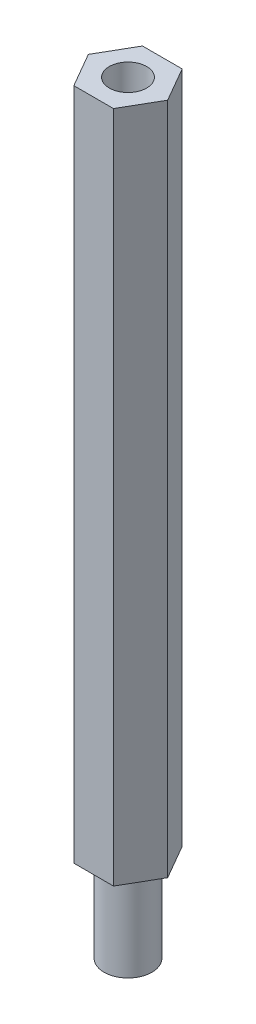
ISO-10303-21;
HEADER;
FILE_DESCRIPTION(('STEP AP214'),'2;1');
FILE_NAME('part.step','',(''),(''),'','','');
FILE_SCHEMA(('AUTOMOTIVE_DESIGN { 1 0 10303 214 1 1 1 1 }'));
ENDSEC;
DATA;
#1=APPLICATION_CONTEXT('core data for automotive mechanical design processes');
#2=APPLICATION_PROTOCOL_DEFINITION('international standard','automotive_design',2000,#1);
#3=PRODUCT_CONTEXT('',#1,'mechanical');
#4=PRODUCT('Part','Part','',(#3));
#5=PRODUCT_RELATED_PRODUCT_CATEGORY('part','',(#4));
#6=PRODUCT_DEFINITION_FORMATION('','',#4);
#7=PRODUCT_DEFINITION_CONTEXT('part definition',#1,'design');
#8=PRODUCT_DEFINITION('design','',#6,#7);
#9=PRODUCT_DEFINITION_SHAPE('','',#8);
#10=(LENGTH_UNIT() NAMED_UNIT(*) SI_UNIT(.MILLI.,.METRE.));
#11=(NAMED_UNIT(*) PLANE_ANGLE_UNIT() SI_UNIT($,.RADIAN.));
#12=(NAMED_UNIT(*) SI_UNIT($,.STERADIAN.) SOLID_ANGLE_UNIT());
#13=UNCERTAINTY_MEASURE_WITH_UNIT(LENGTH_MEASURE(1.E-05),#10,'distance_accuracy_value','');
#14=(GEOMETRIC_REPRESENTATION_CONTEXT(3) GLOBAL_UNCERTAINTY_ASSIGNED_CONTEXT((#13)) GLOBAL_UNIT_ASSIGNED_CONTEXT((#10,
#11,#12)) REPRESENTATION_CONTEXT('',''));
#15=CARTESIAN_POINT('',(0.,0.,0.));
#16=DIRECTION('',(0.,0.,1.));
#17=DIRECTION('',(1.,0.,0.));
#18=AXIS2_PLACEMENT_3D('',#15,#16,#17);
#19=CARTESIAN_POINT('',(-1.325,45.,2.29496732002876));
#20=DIRECTION('',(0.,0.,-1.));
#21=DIRECTION('',(-1.,0.,0.));
#22=AXIS2_PLACEMENT_3D('',#19,#20,#21);
#23=PLANE('',#22);
#24=DIRECTION('',(1.,0.,0.));
#25=VECTOR('',#24,1.);
#26=CARTESIAN_POINT('',(-1.325,0.,2.29496732002876));
#27=LINE('',#26,#25);
#28=CARTESIAN_POINT('',(-1.325,0.,2.29496732002876));
#29=VERTEX_POINT('',#28);
#30=CARTESIAN_POINT('',(1.325,0.,2.29496732002876));
#31=VERTEX_POINT('',#30);
#32=EDGE_CURVE('E122',#29,#31,#27,.T.);
#33=ORIENTED_EDGE('',*,*,#32,.T.);
#34=DIRECTION('',(0.,-1.,0.));
#35=VECTOR('',#34,1.);
#36=CARTESIAN_POINT('',(1.325,45.,2.29496732002876));
#37=LINE('',#36,#35);
#38=CARTESIAN_POINT('',(1.325,45.,2.29496732002876));
#39=VERTEX_POINT('',#38);
#40=EDGE_CURVE('E45',#39,#31,#37,.T.);
#41=ORIENTED_EDGE('',*,*,#40,.F.);
#42=DIRECTION('',(1.,0.,0.));
#43=VECTOR('',#42,1.);
#44=CARTESIAN_POINT('',(-1.325,45.,2.29496732002876));
#45=LINE('',#44,#43);
#46=CARTESIAN_POINT('',(-1.325,45.,2.29496732002876));
#47=VERTEX_POINT('',#46);
#48=EDGE_CURVE('E133',#47,#39,#45,.T.);
#49=ORIENTED_EDGE('',*,*,#48,.F.);
#50=DIRECTION('',(0.,-1.,0.));
#51=VECTOR('',#50,1.);
#52=CARTESIAN_POINT('',(-1.325,45.,2.29496732002876));
#53=LINE('',#52,#51);
#54=EDGE_CURVE('E118',#47,#29,#53,.T.);
#55=ORIENTED_EDGE('',*,*,#54,.T.);
#56=EDGE_LOOP('',(#33,#41,#49,#55));
#57=FACE_BOUND('',#56,.T.);
#58=ADVANCED_FACE('F37',(#57),#23,.F.);
#59=CARTESIAN_POINT('',(1.325,45.,2.29496732002876));
#60=DIRECTION('',(-0.866025403784439,0.,-0.5));
#61=DIRECTION('',(-0.5,0.,0.866025403784439));
#62=AXIS2_PLACEMENT_3D('',#59,#60,#61);
#63=PLANE('',#62);
#64=DIRECTION('',(0.5,0.,-0.866025403784439));
#65=VECTOR('',#64,1.);
#66=CARTESIAN_POINT('',(1.325,0.,2.29496732002876));
#67=LINE('',#66,#65);
#68=CARTESIAN_POINT('',(2.65,0.,0.));
#69=VERTEX_POINT('',#68);
#70=EDGE_CURVE('E125',#31,#69,#67,.T.);
#71=ORIENTED_EDGE('',*,*,#70,.T.);
#72=DIRECTION('',(0.,-1.,0.));
#73=VECTOR('',#72,1.);
#74=CARTESIAN_POINT('',(2.65,45.,0.));
#75=LINE('',#74,#73);
#76=CARTESIAN_POINT('',(2.65,45.,0.));
#77=VERTEX_POINT('',#76);
#78=EDGE_CURVE('E137',#77,#69,#75,.T.);
#79=ORIENTED_EDGE('',*,*,#78,.F.);
#80=DIRECTION('',(0.5,0.,-0.866025403784439));
#81=VECTOR('',#80,1.);
#82=CARTESIAN_POINT('',(1.325,45.,2.29496732002876));
#83=LINE('',#82,#81);
#84=EDGE_CURVE('E91',#39,#77,#83,.T.);
#85=ORIENTED_EDGE('',*,*,#84,.F.);
#86=ORIENTED_EDGE('',*,*,#40,.T.);
#87=EDGE_LOOP('',(#71,#79,#85,#86));
#88=FACE_BOUND('',#87,.T.);
#89=ADVANCED_FACE('F140',(#88),#63,.F.);
#90=CARTESIAN_POINT('',(2.65,45.,0.));
#91=DIRECTION('',(-0.866025403784438,0.,0.5));
#92=DIRECTION('',(0.5,0.,0.866025403784439));
#93=AXIS2_PLACEMENT_3D('',#90,#91,#92);
#94=PLANE('',#93);
#95=DIRECTION('',(-0.5,0.,-0.866025403784439));
#96=VECTOR('',#95,1.);
#97=CARTESIAN_POINT('',(2.65,0.,0.));
#98=LINE('',#97,#96);
#99=CARTESIAN_POINT('',(1.325,0.,-2.29496732002876));
#100=VERTEX_POINT('',#99);
#101=EDGE_CURVE('E128',#69,#100,#98,.T.);
#102=ORIENTED_EDGE('',*,*,#101,.T.);
#103=DIRECTION('',(0.,-1.,0.));
#104=VECTOR('',#103,1.);
#105=CARTESIAN_POINT('',(1.325,45.,-2.29496732002876));
#106=LINE('',#105,#104);
#107=CARTESIAN_POINT('',(1.325,45.,-2.29496732002876));
#108=VERTEX_POINT('',#107);
#109=EDGE_CURVE('E113',#108,#100,#106,.T.);
#110=ORIENTED_EDGE('',*,*,#109,.F.);
#111=DIRECTION('',(-0.5,0.,-0.866025403784439));
#112=VECTOR('',#111,1.);
#113=CARTESIAN_POINT('',(2.65,45.,0.));
#114=LINE('',#113,#112);
#115=EDGE_CURVE('E104',#77,#108,#114,.T.);
#116=ORIENTED_EDGE('',*,*,#115,.F.);
#117=ORIENTED_EDGE('',*,*,#78,.T.);
#118=EDGE_LOOP('',(#102,#110,#116,#117));
#119=FACE_BOUND('',#118,.T.);
#120=ADVANCED_FACE('F148',(#119),#94,.F.);
#121=CARTESIAN_POINT('',(1.325,45.,-2.29496732002876));
#122=DIRECTION('',(0.,0.,1.));
#123=DIRECTION('',(1.,0.,0.));
#124=AXIS2_PLACEMENT_3D('',#121,#122,#123);
#125=PLANE('',#124);
#126=DIRECTION('',(-1.,0.,0.));
#127=VECTOR('',#126,1.);
#128=CARTESIAN_POINT('',(1.325,0.,-2.29496732002876));
#129=LINE('',#128,#127);
#130=CARTESIAN_POINT('',(-1.325,0.,-2.29496732002876));
#131=VERTEX_POINT('',#130);
#132=EDGE_CURVE('E112',#100,#131,#129,.T.);
#133=ORIENTED_EDGE('',*,*,#132,.T.);
#134=DIRECTION('',(0.,-1.,0.));
#135=VECTOR('',#134,1.);
#136=CARTESIAN_POINT('',(-1.325,45.,-2.29496732002876));
#137=LINE('',#136,#135);
#138=CARTESIAN_POINT('',(-1.325,45.,-2.29496732002876));
#139=VERTEX_POINT('',#138);
#140=EDGE_CURVE('E109',#139,#131,#137,.T.);
#141=ORIENTED_EDGE('',*,*,#140,.F.);
#142=DIRECTION('',(-1.,0.,0.));
#143=VECTOR('',#142,1.);
#144=CARTESIAN_POINT('',(1.325,45.,-2.29496732002876));
#145=LINE('',#144,#143);
#146=EDGE_CURVE('E98',#108,#139,#145,.T.);
#147=ORIENTED_EDGE('',*,*,#146,.F.);
#148=ORIENTED_EDGE('',*,*,#109,.T.);
#149=EDGE_LOOP('',(#133,#141,#147,#148));
#150=FACE_BOUND('',#149,.T.);
#151=ADVANCED_FACE('F110',(#150),#125,.F.);
#152=CARTESIAN_POINT('',(-1.325,45.,-2.29496732002876));
#153=DIRECTION('',(0.866025403784439,0.,0.5));
#154=DIRECTION('',(0.5,0.,-0.866025403784439));
#155=AXIS2_PLACEMENT_3D('',#152,#153,#154);
#156=PLANE('',#155);
#157=DIRECTION('',(-0.5,0.,0.866025403784439));
#158=VECTOR('',#157,1.);
#159=CARTESIAN_POINT('',(-1.325,0.,-2.29496732002876));
#160=LINE('',#159,#158);
#161=CARTESIAN_POINT('',(-2.65,0.,0.));
#162=VERTEX_POINT('',#161);
#163=EDGE_CURVE('E76',#131,#162,#160,.T.);
#164=ORIENTED_EDGE('',*,*,#163,.T.);
#165=DIRECTION('',(0.,-1.,0.));
#166=VECTOR('',#165,1.);
#167=CARTESIAN_POINT('',(-2.65,45.,0.));
#168=LINE('',#167,#166);
#169=CARTESIAN_POINT('',(-2.65,45.,0.));
#170=VERTEX_POINT('',#169);
#171=EDGE_CURVE('E114',#170,#162,#168,.T.);
#172=ORIENTED_EDGE('',*,*,#171,.F.);
#173=DIRECTION('',(-0.5,0.,0.866025403784439));
#174=VECTOR('',#173,1.);
#175=CARTESIAN_POINT('',(-1.325,45.,-2.29496732002876));
#176=LINE('',#175,#174);
#177=EDGE_CURVE('E102',#139,#170,#176,.T.);
#178=ORIENTED_EDGE('',*,*,#177,.F.);
#179=ORIENTED_EDGE('',*,*,#140,.T.);
#180=EDGE_LOOP('',(#164,#172,#178,#179));
#181=FACE_BOUND('',#180,.T.);
#182=ADVANCED_FACE('F116',(#181),#156,.F.);
#183=CARTESIAN_POINT('',(-2.65,45.,0.));
#184=DIRECTION('',(0.866025403784438,0.,-0.5));
#185=DIRECTION('',(-0.5,0.,-0.866025403784439));
#186=AXIS2_PLACEMENT_3D('',#183,#184,#185);
#187=PLANE('',#186);
#188=DIRECTION('',(0.5,0.,0.866025403784439));
#189=VECTOR('',#188,1.);
#190=CARTESIAN_POINT('',(-2.65,0.,0.));
#191=LINE('',#190,#189);
#192=EDGE_CURVE('E82',#162,#29,#191,.T.);
#193=ORIENTED_EDGE('',*,*,#192,.T.);
#194=ORIENTED_EDGE('',*,*,#54,.F.);
#195=DIRECTION('',(0.5,0.,0.866025403784439));
#196=VECTOR('',#195,1.);
#197=CARTESIAN_POINT('',(-2.65,45.,0.));
#198=LINE('',#197,#196);
#199=EDGE_CURVE('E53',#170,#47,#198,.T.);
#200=ORIENTED_EDGE('',*,*,#199,.F.);
#201=ORIENTED_EDGE('',*,*,#171,.T.);
#202=EDGE_LOOP('',(#193,#194,#200,#201));
#203=FACE_BOUND('',#202,.T.);
#204=ADVANCED_FACE('F171',(#203),#187,.F.);
#205=CARTESIAN_POINT('',(0.,45.,0.));
#206=DIRECTION('',(0.,1.,0.));
#207=DIRECTION('',(0.,0.,1.));
#208=AXIS2_PLACEMENT_3D('',#205,#206,#207);
#209=PLANE('',#208);
#210=CARTESIAN_POINT('',(0.,45.,0.));
#211=DIRECTION('',(0.,1.,0.));
#212=DIRECTION('',(0.,0.,1.));
#213=AXIS2_PLACEMENT_3D('',#210,#211,#212);
#214=CIRCLE('',#213,1.25);
#215=CARTESIAN_POINT('',(0.,45.,1.25));
#216=VERTEX_POINT('',#215);
#217=EDGE_CURVE('E155',#216,#216,#214,.T.);
#218=ORIENTED_EDGE('',*,*,#217,.F.);
#219=EDGE_LOOP('',(#218));
#220=FACE_BOUND('',#219,.T.);
#221=ORIENTED_EDGE('',*,*,#48,.T.);
#222=ORIENTED_EDGE('',*,*,#84,.T.);
#223=ORIENTED_EDGE('',*,*,#115,.T.);
#224=ORIENTED_EDGE('',*,*,#146,.T.);
#225=ORIENTED_EDGE('',*,*,#177,.T.);
#226=ORIENTED_EDGE('',*,*,#199,.T.);
#227=EDGE_LOOP('',(#221,#222,#223,#224,#225,#226));
#228=FACE_BOUND('',#227,.T.);
#229=ADVANCED_FACE('F100',(#220,#228),#209,.T.);
#230=CARTESIAN_POINT('',(0.,0.,0.));
#231=DIRECTION('',(0.,1.,0.));
#232=DIRECTION('',(0.,0.,1.));
#233=AXIS2_PLACEMENT_3D('',#230,#231,#232);
#234=PLANE('',#233);
#235=CARTESIAN_POINT('',(0.,0.,0.));
#236=DIRECTION('',(0.,1.,0.));
#237=DIRECTION('',(0.,0.,1.));
#238=AXIS2_PLACEMENT_3D('',#235,#236,#237);
#239=CIRCLE('',#238,1.6);
#240=CARTESIAN_POINT('',(0.,0.,1.6));
#241=VERTEX_POINT('',#240);
#242=EDGE_CURVE('E11',#241,#241,#239,.F.);
#243=ORIENTED_EDGE('',*,*,#242,.F.);
#244=EDGE_LOOP('',(#243));
#245=FACE_BOUND('',#244,.T.);
#246=ORIENTED_EDGE('',*,*,#32,.F.);
#247=ORIENTED_EDGE('',*,*,#192,.F.);
#248=ORIENTED_EDGE('',*,*,#163,.F.);
#249=ORIENTED_EDGE('',*,*,#132,.F.);
#250=ORIENTED_EDGE('',*,*,#101,.F.);
#251=ORIENTED_EDGE('',*,*,#70,.F.);
#252=EDGE_LOOP('',(#246,#247,#248,#249,#250,#251));
#253=FACE_BOUND('',#252,.T.);
#254=ADVANCED_FACE('F145',(#245,#253),#234,.F.);
#255=CARTESIAN_POINT('',(0.,-6.,0.));
#256=DIRECTION('',(0.,1.,0.));
#257=DIRECTION('',(0.,0.,1.));
#258=AXIS2_PLACEMENT_3D('',#255,#256,#257);
#259=CYLINDRICAL_SURFACE('',#258,1.6);
#260=CARTESIAN_POINT('',(0.,-6.,0.));
#261=DIRECTION('',(0.,-1.,0.));
#262=DIRECTION('',(0.,0.,-1.));
#263=AXIS2_PLACEMENT_3D('',#260,#261,#262);
#264=CIRCLE('',#263,1.6);
#265=CARTESIAN_POINT('',(0.,-6.,-1.6));
#266=VERTEX_POINT('',#265);
#267=EDGE_CURVE('E126',#266,#266,#264,.T.);
#268=ORIENTED_EDGE('',*,*,#267,.F.);
#269=EDGE_LOOP('',(#268));
#270=FACE_BOUND('',#269,.T.);
#271=ORIENTED_EDGE('',*,*,#242,.T.);
#272=EDGE_LOOP('',(#271));
#273=FACE_BOUND('',#272,.T.);
#274=ADVANCED_FACE('F177',(#270,#273),#259,.T.);
#275=CARTESIAN_POINT('',(0.,-6.,0.));
#276=DIRECTION('',(0.,-1.,0.));
#277=DIRECTION('',(0.,0.,-1.));
#278=AXIS2_PLACEMENT_3D('',#275,#276,#277);
#279=PLANE('',#278);
#280=ORIENTED_EDGE('',*,*,#267,.T.);
#281=EDGE_LOOP('',(#280));
#282=FACE_BOUND('',#281,.T.);
#283=ADVANCED_FACE('F166',(#282),#279,.T.);
#284=CARTESIAN_POINT('',(0.,40.,0.));
#285=DIRECTION('',(0.,1.,0.));
#286=DIRECTION('',(0.,0.,1.));
#287=AXIS2_PLACEMENT_3D('',#284,#285,#286);
#288=CYLINDRICAL_SURFACE('',#287,1.25);
#289=CARTESIAN_POINT('',(0.,40.,0.));
#290=DIRECTION('',(0.,1.,0.));
#291=DIRECTION('',(0.,0.,1.));
#292=AXIS2_PLACEMENT_3D('',#289,#290,#291);
#293=CIRCLE('',#292,1.25);
#294=CARTESIAN_POINT('',(0.,40.,1.25));
#295=VERTEX_POINT('',#294);
#296=EDGE_CURVE('E154',#295,#295,#293,.T.);
#297=ORIENTED_EDGE('',*,*,#296,.F.);
#298=EDGE_LOOP('',(#297));
#299=FACE_BOUND('',#298,.T.);
#300=ORIENTED_EDGE('',*,*,#217,.T.);
#301=EDGE_LOOP('',(#300));
#302=FACE_BOUND('',#301,.T.);
#303=ADVANCED_FACE('F163',(#299,#302),#288,.F.);
#304=CARTESIAN_POINT('',(0.,40.,0.));
#305=DIRECTION('',(0.,1.,0.));
#306=DIRECTION('',(0.,0.,1.));
#307=AXIS2_PLACEMENT_3D('',#304,#305,#306);
#308=PLANE('',#307);
#309=ORIENTED_EDGE('',*,*,#296,.T.);
#310=EDGE_LOOP('',(#309));
#311=FACE_BOUND('',#310,.T.);
#312=ADVANCED_FACE('F161',(#311),#308,.T.);
#313=CLOSED_SHELL('',(#58,#89,#120,#151,#182,#204,#229,#254,#274,#283,#303,#312));
#314=MANIFOLD_SOLID_BREP('B2',#313);
#315=ADVANCED_BREP_SHAPE_REPRESENTATION('',(#18,#314),#14);
#316=SHAPE_DEFINITION_REPRESENTATION(#9,#315);
ENDSEC;
END-ISO-10303-21;

§ PROBLEM DESCRIPTION: Could you return exactly the stretch of the data above that starts at the line with "#113=CARTESIAN_POINT('',(2.65,45.,0.));" and ends at the line with "#151=ADVANCED_FACE('F110',(#150),#125,.F.);", both lines included?

§ TASK RESULT:
#113=CARTESIAN_POINT('',(2.65,45.,0.));
#114=LINE('',#113,#112);
#115=EDGE_CURVE('E104',#77,#108,#114,.T.);
#116=ORIENTED_EDGE('',*,*,#115,.F.);
#117=ORIENTED_EDGE('',*,*,#78,.T.);
#118=EDGE_LOOP('',(#102,#110,#116,#117));
#119=FACE_BOUND('',#118,.T.);
#120=ADVANCED_FACE('F148',(#119),#94,.F.);
#121=CARTESIAN_POINT('',(1.325,45.,-2.29496732002876));
#122=DIRECTION('',(0.,0.,1.));
#123=DIRECTION('',(1.,0.,0.));
#124=AXIS2_PLACEMENT_3D('',#121,#122,#123);
#125=PLANE('',#124);
#126=DIRECTION('',(-1.,0.,0.));
#127=VECTOR('',#126,1.);
#128=CARTESIAN_POINT('',(1.325,0.,-2.29496732002876));
#129=LINE('',#128,#127);
#130=CARTESIAN_POINT('',(-1.325,0.,-2.29496732002876));
#131=VERTEX_POINT('',#130);
#132=EDGE_CURVE('E112',#100,#131,#129,.T.);
#133=ORIENTED_EDGE('',*,*,#132,.T.);
#134=DIRECTION('',(0.,-1.,0.));
#135=VECTOR('',#134,1.);
#136=CARTESIAN_POINT('',(-1.325,45.,-2.29496732002876));
#137=LINE('',#136,#135);
#138=CARTESIAN_POINT('',(-1.325,45.,-2.29496732002876));
#139=VERTEX_POINT('',#138);
#140=EDGE_CURVE('E109',#139,#131,#137,.T.);
#141=ORIENTED_EDGE('',*,*,#140,.F.);
#142=DIRECTION('',(-1.,0.,0.));
#143=VECTOR('',#142,1.);
#144=CARTESIAN_POINT('',(1.325,45.,-2.29496732002876));
#145=LINE('',#144,#143);
#146=EDGE_CURVE('E98',#108,#139,#145,.T.);
#147=ORIENTED_EDGE('',*,*,#146,.F.);
#148=ORIENTED_EDGE('',*,*,#109,.T.);
#149=EDGE_LOOP('',(#133,#141,#147,#148));
#150=FACE_BOUND('',#149,.T.);
#151=ADVANCED_FACE('F110',(#150),#125,.F.);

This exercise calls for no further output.